Rising sea levels of 3 feet or more will make the United States more vulnerable to large property losses, necessitating major changes to the National Flood Insurance Program, according to a new report, as a separate legislative analysis shows NFIP claim and other costs surpassing premiums. 

High-end scenarios for sea level rise project an additional 6 or 7 feet by 2100, according to Washington-based American Association for the Advancement of Science.

“Of all the changes that may or may not be occurring in the global climate, the prospect of rising sea levels is the one that is the hardest to overlook,” the Washington-based American Academy of Actuaries said in its “National Flood Insurance Program: Challenges and Solutions” report released on Wednesday. 

Increased flooding due to higher sea levels can only increase losses from storms, absent expensive investment in coastal defenses, particularly because of the amount of valuable property in at-risk coastal areas, according to the report. 
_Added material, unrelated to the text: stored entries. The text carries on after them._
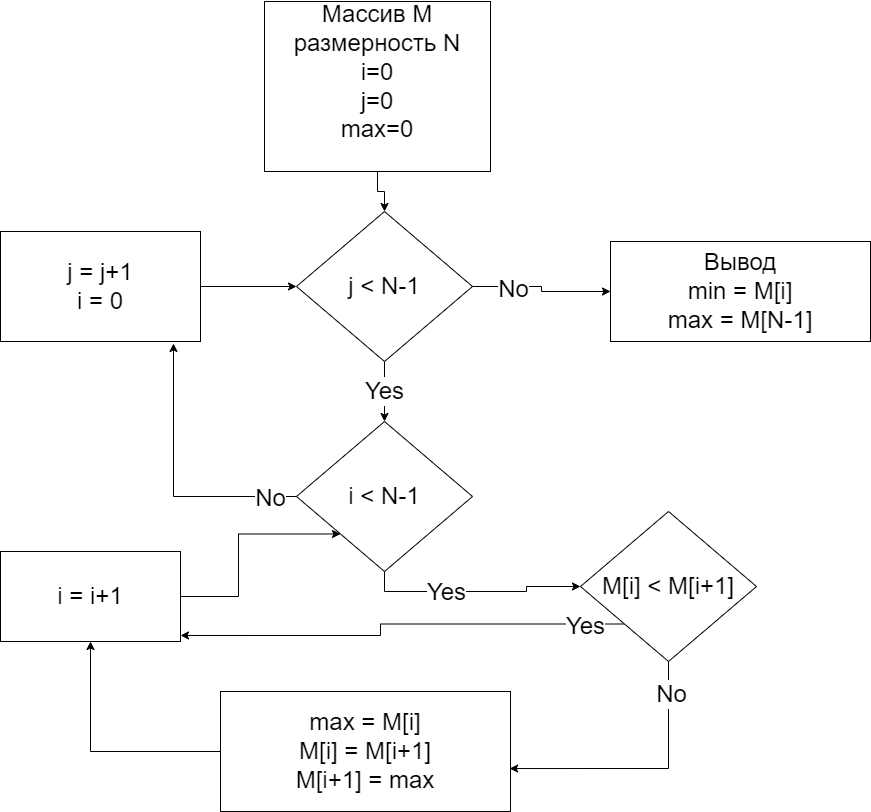

The diagram above was exported from draw.io. Its source (the exported page's mxGraphModel, read from the mxfile embedded in the PNG):
<mxGraphModel dx="868" dy="493" grid="1" gridSize="10" guides="1" tooltips="1" connect="1" arrows="1" fold="1" page="1" pageScale="1" pageWidth="827" pageHeight="1169" math="0" shadow="0">
  <root>
    <mxCell id="0" />
    <mxCell id="1" parent="0" />
    <mxCell id="x8kU4ACUzrW3GHUNXtIi-12" style="edgeStyle=orthogonalEdgeStyle;rounded=0;orthogonalLoop=1;jettySize=auto;html=1;exitX=0.5;exitY=1;exitDx=0;exitDy=0;entryX=0.5;entryY=0;entryDx=0;entryDy=0;fontSize=24;" parent="1" source="x8kU4ACUzrW3GHUNXtIi-1" target="x8kU4ACUzrW3GHUNXtIi-5" edge="1">
      <mxGeometry relative="1" as="geometry" />
    </mxCell>
    <mxCell id="x8kU4ACUzrW3GHUNXtIi-1" value="&lt;font style=&quot;font-size: 24px;&quot;&gt;Массив M&lt;br&gt;размерность N&lt;br&gt;i=0&lt;br&gt;j=0&lt;br&gt;max=0&lt;br&gt;&lt;br&gt;&lt;/font&gt;" style="rounded=0;whiteSpace=wrap;html=1;" parent="1" vertex="1">
      <mxGeometry x="294" y="60" width="226" height="170" as="geometry" />
    </mxCell>
    <mxCell id="x8kU4ACUzrW3GHUNXtIi-13" style="edgeStyle=orthogonalEdgeStyle;rounded=0;orthogonalLoop=1;jettySize=auto;html=1;exitX=1;exitY=0.5;exitDx=0;exitDy=0;fontSize=24;" parent="1" source="x8kU4ACUzrW3GHUNXtIi-5" target="x8kU4ACUzrW3GHUNXtIi-6" edge="1">
      <mxGeometry relative="1" as="geometry" />
    </mxCell>
    <mxCell id="x8kU4ACUzrW3GHUNXtIi-16" value="No" style="edgeLabel;html=1;align=center;verticalAlign=middle;resizable=0;points=[];fontSize=24;" parent="x8kU4ACUzrW3GHUNXtIi-13" vertex="1" connectable="0">
      <mxGeometry x="-0.443" y="-2" relative="1" as="geometry">
        <mxPoint as="offset" />
      </mxGeometry>
    </mxCell>
    <mxCell id="x8kU4ACUzrW3GHUNXtIi-14" value="Yes" style="edgeStyle=orthogonalEdgeStyle;rounded=0;orthogonalLoop=1;jettySize=auto;html=1;exitX=0.5;exitY=1;exitDx=0;exitDy=0;entryX=0.5;entryY=0;entryDx=0;entryDy=0;fontSize=24;" parent="1" source="x8kU4ACUzrW3GHUNXtIi-5" target="x8kU4ACUzrW3GHUNXtIi-7" edge="1">
      <mxGeometry relative="1" as="geometry" />
    </mxCell>
    <mxCell id="x8kU4ACUzrW3GHUNXtIi-5" value="j &amp;lt; N-1" style="rhombus;whiteSpace=wrap;html=1;fontSize=24;" parent="1" vertex="1">
      <mxGeometry x="326" y="270" width="176" height="150" as="geometry" />
    </mxCell>
    <mxCell id="x8kU4ACUzrW3GHUNXtIi-6" value="Вывод&lt;br&gt;min = M[i]&lt;br&gt;max = M[N-1]" style="rounded=0;whiteSpace=wrap;html=1;fontSize=24;" parent="1" vertex="1">
      <mxGeometry x="640" y="300" width="260" height="100" as="geometry" />
    </mxCell>
    <mxCell id="x8kU4ACUzrW3GHUNXtIi-17" style="edgeStyle=orthogonalEdgeStyle;rounded=0;orthogonalLoop=1;jettySize=auto;html=1;exitX=0.5;exitY=1;exitDx=0;exitDy=0;entryX=0;entryY=0.5;entryDx=0;entryDy=0;fontSize=24;" parent="1" source="x8kU4ACUzrW3GHUNXtIi-7" target="x8kU4ACUzrW3GHUNXtIi-8" edge="1">
      <mxGeometry relative="1" as="geometry" />
    </mxCell>
    <mxCell id="x8kU4ACUzrW3GHUNXtIi-18" value="Yes" style="edgeLabel;html=1;align=center;verticalAlign=middle;resizable=0;points=[];fontSize=24;" parent="x8kU4ACUzrW3GHUNXtIi-17" vertex="1" connectable="0">
      <mxGeometry x="-0.267" relative="1" as="geometry">
        <mxPoint as="offset" />
      </mxGeometry>
    </mxCell>
    <mxCell id="x8kU4ACUzrW3GHUNXtIi-19" style="edgeStyle=orthogonalEdgeStyle;rounded=0;orthogonalLoop=1;jettySize=auto;html=1;exitX=0;exitY=0.5;exitDx=0;exitDy=0;entryX=0.865;entryY=1.018;entryDx=0;entryDy=0;entryPerimeter=0;fontSize=24;" parent="1" source="x8kU4ACUzrW3GHUNXtIi-7" target="x8kU4ACUzrW3GHUNXtIi-11" edge="1">
      <mxGeometry relative="1" as="geometry" />
    </mxCell>
    <mxCell id="x8kU4ACUzrW3GHUNXtIi-20" value="No" style="edgeLabel;html=1;align=center;verticalAlign=middle;resizable=0;points=[];fontSize=24;" parent="x8kU4ACUzrW3GHUNXtIi-19" vertex="1" connectable="0">
      <mxGeometry x="-0.8044" y="1" relative="1" as="geometry">
        <mxPoint as="offset" />
      </mxGeometry>
    </mxCell>
    <mxCell id="x8kU4ACUzrW3GHUNXtIi-7" value="i &amp;lt; N-1" style="rhombus;whiteSpace=wrap;html=1;fontSize=24;" parent="1" vertex="1">
      <mxGeometry x="326" y="480" width="176" height="150" as="geometry" />
    </mxCell>
    <mxCell id="x8kU4ACUzrW3GHUNXtIi-21" style="edgeStyle=orthogonalEdgeStyle;rounded=0;orthogonalLoop=1;jettySize=auto;html=1;exitX=0;exitY=1;exitDx=0;exitDy=0;entryX=1;entryY=0.933;entryDx=0;entryDy=0;entryPerimeter=0;fontSize=24;" parent="1" source="x8kU4ACUzrW3GHUNXtIi-8" target="x8kU4ACUzrW3GHUNXtIi-10" edge="1">
      <mxGeometry relative="1" as="geometry" />
    </mxCell>
    <mxCell id="x8kU4ACUzrW3GHUNXtIi-22" value="Yes" style="edgeLabel;html=1;align=center;verticalAlign=middle;resizable=0;points=[];fontSize=24;" parent="x8kU4ACUzrW3GHUNXtIi-21" vertex="1" connectable="0">
      <mxGeometry x="-0.8244" y="2" relative="1" as="geometry">
        <mxPoint as="offset" />
      </mxGeometry>
    </mxCell>
    <mxCell id="x8kU4ACUzrW3GHUNXtIi-23" style="edgeStyle=orthogonalEdgeStyle;rounded=0;orthogonalLoop=1;jettySize=auto;html=1;exitX=0.5;exitY=1;exitDx=0;exitDy=0;entryX=0.997;entryY=0.642;entryDx=0;entryDy=0;entryPerimeter=0;fontSize=24;" parent="1" source="x8kU4ACUzrW3GHUNXtIi-8" target="x8kU4ACUzrW3GHUNXtIi-9" edge="1">
      <mxGeometry relative="1" as="geometry" />
    </mxCell>
    <mxCell id="x8kU4ACUzrW3GHUNXtIi-24" value="No" style="edgeLabel;html=1;align=center;verticalAlign=middle;resizable=0;points=[];fontSize=24;" parent="x8kU4ACUzrW3GHUNXtIi-23" vertex="1" connectable="0">
      <mxGeometry x="-0.7593" y="2" relative="1" as="geometry">
        <mxPoint as="offset" />
      </mxGeometry>
    </mxCell>
    <mxCell id="x8kU4ACUzrW3GHUNXtIi-8" value="M[i] &amp;lt; M[i+1]" style="rhombus;whiteSpace=wrap;html=1;fontSize=24;" parent="1" vertex="1">
      <mxGeometry x="610" y="570" width="176" height="150" as="geometry" />
    </mxCell>
    <mxCell id="x8kU4ACUzrW3GHUNXtIi-25" style="edgeStyle=orthogonalEdgeStyle;rounded=0;orthogonalLoop=1;jettySize=auto;html=1;exitX=0;exitY=0.5;exitDx=0;exitDy=0;entryX=0.5;entryY=1;entryDx=0;entryDy=0;fontSize=24;" parent="1" source="x8kU4ACUzrW3GHUNXtIi-9" target="x8kU4ACUzrW3GHUNXtIi-10" edge="1">
      <mxGeometry relative="1" as="geometry" />
    </mxCell>
    <mxCell id="x8kU4ACUzrW3GHUNXtIi-9" value="max = M[i]&lt;br&gt;M[i] = M[i+1]&lt;br&gt;M[i+1] = max" style="rounded=0;whiteSpace=wrap;html=1;fontSize=24;" parent="1" vertex="1">
      <mxGeometry x="250" y="750" width="290" height="120" as="geometry" />
    </mxCell>
    <mxCell id="x8kU4ACUzrW3GHUNXtIi-26" style="edgeStyle=orthogonalEdgeStyle;rounded=0;orthogonalLoop=1;jettySize=auto;html=1;exitX=1;exitY=0.5;exitDx=0;exitDy=0;entryX=0;entryY=1;entryDx=0;entryDy=0;fontSize=24;" parent="1" source="x8kU4ACUzrW3GHUNXtIi-10" target="x8kU4ACUzrW3GHUNXtIi-7" edge="1">
      <mxGeometry relative="1" as="geometry" />
    </mxCell>
    <mxCell id="x8kU4ACUzrW3GHUNXtIi-10" value="i = i+1" style="rounded=0;whiteSpace=wrap;html=1;fontSize=24;" parent="1" vertex="1">
      <mxGeometry x="30" y="610" width="180" height="90" as="geometry" />
    </mxCell>
    <mxCell id="x8kU4ACUzrW3GHUNXtIi-15" style="edgeStyle=orthogonalEdgeStyle;rounded=0;orthogonalLoop=1;jettySize=auto;html=1;exitX=1;exitY=0.5;exitDx=0;exitDy=0;fontSize=24;" parent="1" source="x8kU4ACUzrW3GHUNXtIi-11" target="x8kU4ACUzrW3GHUNXtIi-5" edge="1">
      <mxGeometry relative="1" as="geometry" />
    </mxCell>
    <mxCell id="x8kU4ACUzrW3GHUNXtIi-11" value="j = j+1&lt;br&gt;i = 0" style="rounded=0;whiteSpace=wrap;html=1;fontSize=24;" parent="1" vertex="1">
      <mxGeometry x="30" y="290" width="200" height="110" as="geometry" />
    </mxCell>
  </root>
</mxGraphModel>
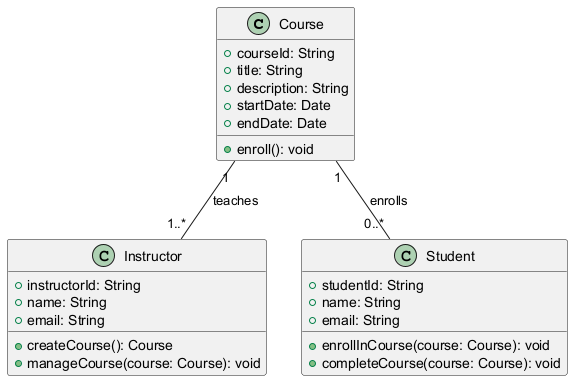

The diagram above was rendered by PlantUML. Its source (embedded in the PNG):
@startuml
class Course {
    +courseId: String
    +title: String
    +description: String
    +startDate: Date
    +endDate: Date
    +enroll(): void
}

class Instructor {
    +instructorId: String
    +name: String
    +email: String
    +createCourse(): Course
    +manageCourse(course: Course): void
}

class Student {
    +studentId: String
    +name: String
    +email: String
    +enrollInCourse(course: Course): void
    +completeCourse(course: Course): void
}

Course "1" -- "1..*" Instructor : teaches
Course "1" -- "0..*" Student : enrolls
@enduml
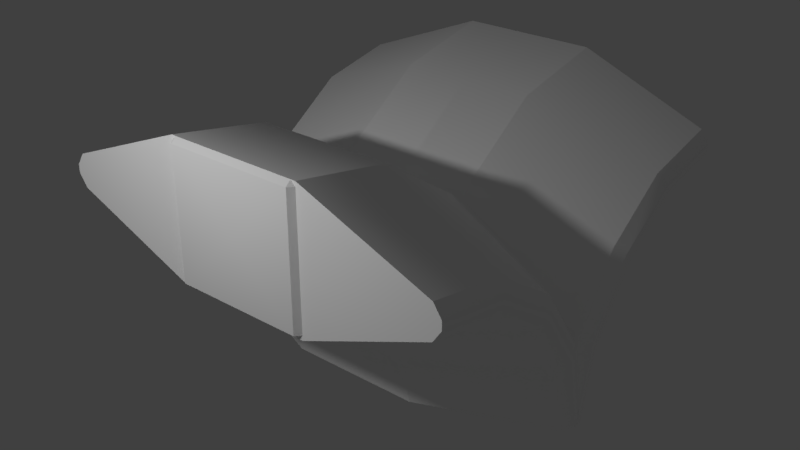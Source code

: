 # Source: Strut_Arc_Short.blend  (saved by Blender 2.79.0; exported with 4.5.12 LTS)
import bpy
from mathutils import Matrix  # noqa: F401  (used for matrix-valued properties, if any)

bpy.ops.wm.read_factory_settings(use_empty=True)
scene = bpy.context.scene
scene.name = 'Scene'

# ---- collections
col_collection_1 = bpy.data.collections.new('Collection 1'); scene.collection.children.link(col_collection_1)

# ---- materials (node trees are filled in below, after node groups)
mat_strut_002 = bpy.data.materials.new('Strut.002')
mat_strut_002.alpha_threshold = 0.0
mat_strut_002.use_transparent_shadow = False
mat_strut_002.diffuse_color = (1.0, 1.0, 1.0, 1.0)
mat_strut_002.roughness = 0.5
mat_strut = bpy.data.materials.new('Strut')
mat_strut.alpha_threshold = 0.0
mat_strut.use_transparent_shadow = False
mat_strut.diffuse_color = (1.0, 1.0, 1.0, 1.0)
mat_strut.roughness = 0.5

# ---- material node trees

# ---- world
world_world = bpy.data.worlds.new('World'); scene.world = world_world
world_world.color = (0.05088, 0.05088, 0.05088)
world_world.use_sun_shadow = False
world_world.sun_shadow_jitter_overblur = 0.0
world_world.cycles.sampling_method = 'MANUAL'

# ---- lights
light_point_001 = bpy.data.lights.new('Point.001', 'POINT')
light_point_001.transmission_factor = 0.0
light_point_001.energy = 100.0
light_point_001.shadow_buffer_clip_start = 0.5
light_point_001.shadow_soft_size = 0.1
light_point_001.shadow_maximum_resolution = 0.006
light_point_001.use_absolute_resolution = True
light_point = bpy.data.lights.new('Point', 'POINT')
light_point.transmission_factor = 0.0
light_point.energy = 100.0
light_point.shadow_buffer_clip_start = 0.5
light_point.shadow_soft_size = 0.1
light_point.shadow_maximum_resolution = 0.006
light_point.use_absolute_resolution = True

# ---- meshes
me_untitled_038 = bpy.data.meshes.new('Untitled.038')
me_untitled_038.from_pydata([(0.465, -1.5, 0.535), (0.465, -1.5, 1.465), (0.5, -1.463, 1.465), (0.5, -1.463, 0.5348), (-0.465, -1.463, 0.4998), (-0.465, -1.5, 0.535), (0.465, -1.5, 0.535), (0.465, -1.463, 0.4998), (0.0, -1.5, 1.0), (0.465, -1.5, 1.465), (-0.465, -1.5, 1.465), (0.465, -1.5, 1.465), (-0.465, -1.5, 1.465), (-0.465, -1.463, 1.5), (0.465, -1.463, 1.5), (0.5, -1.463, 0.5348), (0.465, -1.463, 0.4998), (0.465, -1.5, 0.535), (0.465, -1.5, 1.465), (0.465, -1.463, 1.5), (0.5, -1.463, 1.465), (0.5, -1.463, 1.5), (1.431, -1.463, 1.12), (1.431, -1.463, 0.8796), (0.5, -1.463, 0.4998), (1.49, -1.463, 0.9684), (1.49, -1.463, 1.031), (0.01987, -1.463, 0.4998), (-0.01987, -1.463, 0.4998), (1.431, -0.9663, 0.779), (1.431, -0.5272, 0.4827), (0.5, -0.7958, 0.2141), (0.5, -1.115, 0.4294), (1.431, -1.463, 0.8796), (0.5, -1.463, 0.4998), (0.5, -0.5804, -0.105), (1.431, -0.2309, 0.04356), (0.5, -0.5002, -0.4632), (1.431, -0.1204, -0.4632), (0.465, -0.465, -0.5), (0.5, -0.4652, -0.4632), (0.5, 0.4647, -0.4632), (0.465, 0.465, -0.5), (-0.465, -0.465, -0.5), (-0.465, -0.5002, -0.4632), (0.465, -0.5002, -0.4632), (0.465, -0.465, -0.5), (-0.465, 0.4997, -0.4632), (-0.465, 0.465, -0.5), (0.465, 0.465, -0.5), (0.465, 0.4997, -0.4632), (0.5, -0.4652, -0.4632), (0.465, -0.465, -0.5), (0.465, -0.5002, -0.4632), (0.465, 0.465, -0.5), (0.5, 0.4647, -0.4632), (0.465, 0.4997, -0.4632), (0.01987, -0.7237, 1.35), (-0.01987, -0.7237, 1.35), (-0.01987, -0.1088, 0.9348), (0.01987, -0.08867, 0.9212), (0.01987, -1.463, 1.5), (-0.01987, -1.463, 1.5), (-0.01987, -0.07509, 0.901), (-0.01987, 0.3399, 0.2861), (0.01987, 0.3399, 0.2861), (-0.01987, 0.4997, -0.4632), (0.01987, 0.4997, -0.4632), (1.431, -0.1204, -0.4632), (1.49, -0.03158, -0.4632), (1.49, 0.03107, -0.4632), (1.431, 0.1199, -0.4632), (0.5, 0.4997, -0.4632), (0.5, -0.5002, -0.4632), (1.431, -0.3573, 0.6526), (1.431, -0.8723, 1.0), (0.5, -0.7237, 1.35), (0.5, -0.08867, 0.9212), (0.5, -1.463, 1.5), (1.431, -1.463, 1.12), (1.431, -0.009701, 0.1375), (0.5, 0.3399, 0.2861), (1.431, 0.1199, -0.4632), (0.5, 0.4997, -0.4632), (0.5, -1.115, 0.4294), (0.5, -0.7958, 0.2141), (0.01987, -0.7958, 0.2141), (0.01987, -1.115, 0.4294), (0.01987, -1.463, 0.4998), (0.5, -1.463, 0.4998), (0.01987, -0.5804, -0.105), (0.5, -0.5804, -0.105), (0.01987, -0.5002, -0.4632), (0.5, -0.5002, -0.4632), (1.49, -0.9071, 0.9184), (1.49, -0.4201, 0.5898), (1.49, -0.4644, 0.5455), (1.49, -0.9316, 0.8607), (1.49, -1.463, 1.031), (1.49, -1.463, 0.9684), (1.49, -0.1491, 0.0783), (1.49, -0.09145, 0.1028), (1.49, -0.03158, -0.4632), (1.49, 0.03107, -0.4632), (1.49, -0.9316, 0.8607), (1.49, -0.4644, 0.5455), (1.431, -0.5272, 0.4827), (1.431, -0.9663, 0.779), (1.49, -1.463, 0.9684), (1.431, -1.463, 0.8796), (1.431, -0.2309, 0.04356), (1.49, -0.1491, 0.0783), (1.431, -0.1204, -0.4632), (1.49, -0.03158, -0.4632), (1.49, -0.4201, 0.5898), (1.49, -0.9071, 0.9184), (1.431, -0.8723, 1.0), (1.431, -0.3573, 0.6526), (1.431, -1.463, 1.12), (1.49, -1.463, 1.031), (1.49, -0.09145, 0.1028), (1.431, -0.009701, 0.1375), (1.49, 0.03107, -0.4632), (1.431, 0.1199, -0.4632), (0.5, -0.08867, 0.9212), (0.5, -0.7237, 1.35), (0.01987, -0.7237, 1.35), (0.01987, -0.08867, 0.9212), (0.01987, -1.463, 1.5), (0.5, -1.463, 1.5), (0.5, 0.3399, 0.2861), (0.01987, 0.3399, 0.2861), (0.01987, 0.4997, -0.4632), (0.5, 0.4997, -0.4632), (0.01987, -0.5002, -0.4632), (-0.01987, -0.5002, -0.4632), (-0.01987, -0.5804, -0.105), (0.01987, -0.5804, -0.105), (0.01987, -0.7958, 0.2141), (-0.01987, -0.7822, 0.1939), (0.01987, -1.115, 0.4294), (-0.01987, -0.8159, 0.2277), (-0.01987, -1.115, 0.4294), (0.01987, -1.463, 0.4998), (-0.01987, -1.463, 0.4998), (-0.465, -0.465, -0.5), (0.465, -0.465, -0.5), (0.0, 0.0, -0.5), (0.465, 0.465, -0.5), (-0.465, -1.5, 0.535), (-0.5, -1.463, 0.5348), (-0.5, -1.463, 1.465), (-0.465, -1.5, 1.465), (-0.5, -1.463, 0.5348), (-0.465, -1.5, 0.535), (-0.465, -1.463, 0.4998), (-0.465, -1.5, 1.465), (-0.5, -1.463, 1.465), (-0.465, -1.463, 1.5), (-0.465, -1.5, 1.465), (0.0, -1.5, 1.0), (-0.465, -1.5, 0.535), (-0.5, -1.463, 1.5), (-0.5, -1.463, 0.4998), (-1.431, -1.463, 0.8796), (-1.431, -1.463, 1.12), (-1.49, -1.463, 0.9684), (-1.49, -1.463, 1.031), (-0.465, -0.465, -0.5), (-0.465, 0.465, -0.5), (-0.5, 0.4647, -0.4632), (-0.5, -0.4652, -0.4632), (-0.5, -0.4652, -0.4632), (-0.465, -0.5002, -0.4632), (-0.465, -0.465, -0.5), (-0.465, 0.465, -0.5), (-0.465, 0.4997, -0.4632), (-0.5, 0.4647, -0.4632), (-0.465, 0.465, -0.5), (0.0, 0.0, -0.5), (0.465, 0.465, -0.5), (-0.465, -0.465, -0.5), (-1.431, -0.1204, -0.4632), (-1.431, 0.1199, -0.4632), (-1.49, 0.03107, -0.4632), (-1.49, -0.03158, -0.4632), (-0.5, 0.4997, -0.4632), (-0.5, -0.5002, -0.4632), (-1.431, -0.2309, 0.04356), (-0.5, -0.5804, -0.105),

“In the face of rising sea levels and increased losses, it will be impossible to maintain current premiums, coverage and eligibility without severe limits on building, strong mitigation requirements or exposure to enormous program losses and additional U.S. debt,” the report said. 

The NFIP is in debt to the tune of $24.6 billion.

A Congressional Budget Office analysis of five million NFIP policies active in August 2016 found that the program’s expected costs totaled $5.7 billion, which exceeded the $4.3 billion in premiums collected for those policies, according to the preliminary analysis released on Wednesday. 

“CBO expects that premiums would be higher in the future for the same set of policies because (U.S. Federal Emergency Management Agency) is obligated under current law to phase out a large share of its subsidies, namely those for properties that predate a community’s first flood map,” the analysis said. “That phaseout will occur over a number of years: some subsidized policies that are relatively low risk will reach their full-risk rates in a few years while others that are very high risk may take 25 or more years to do so.”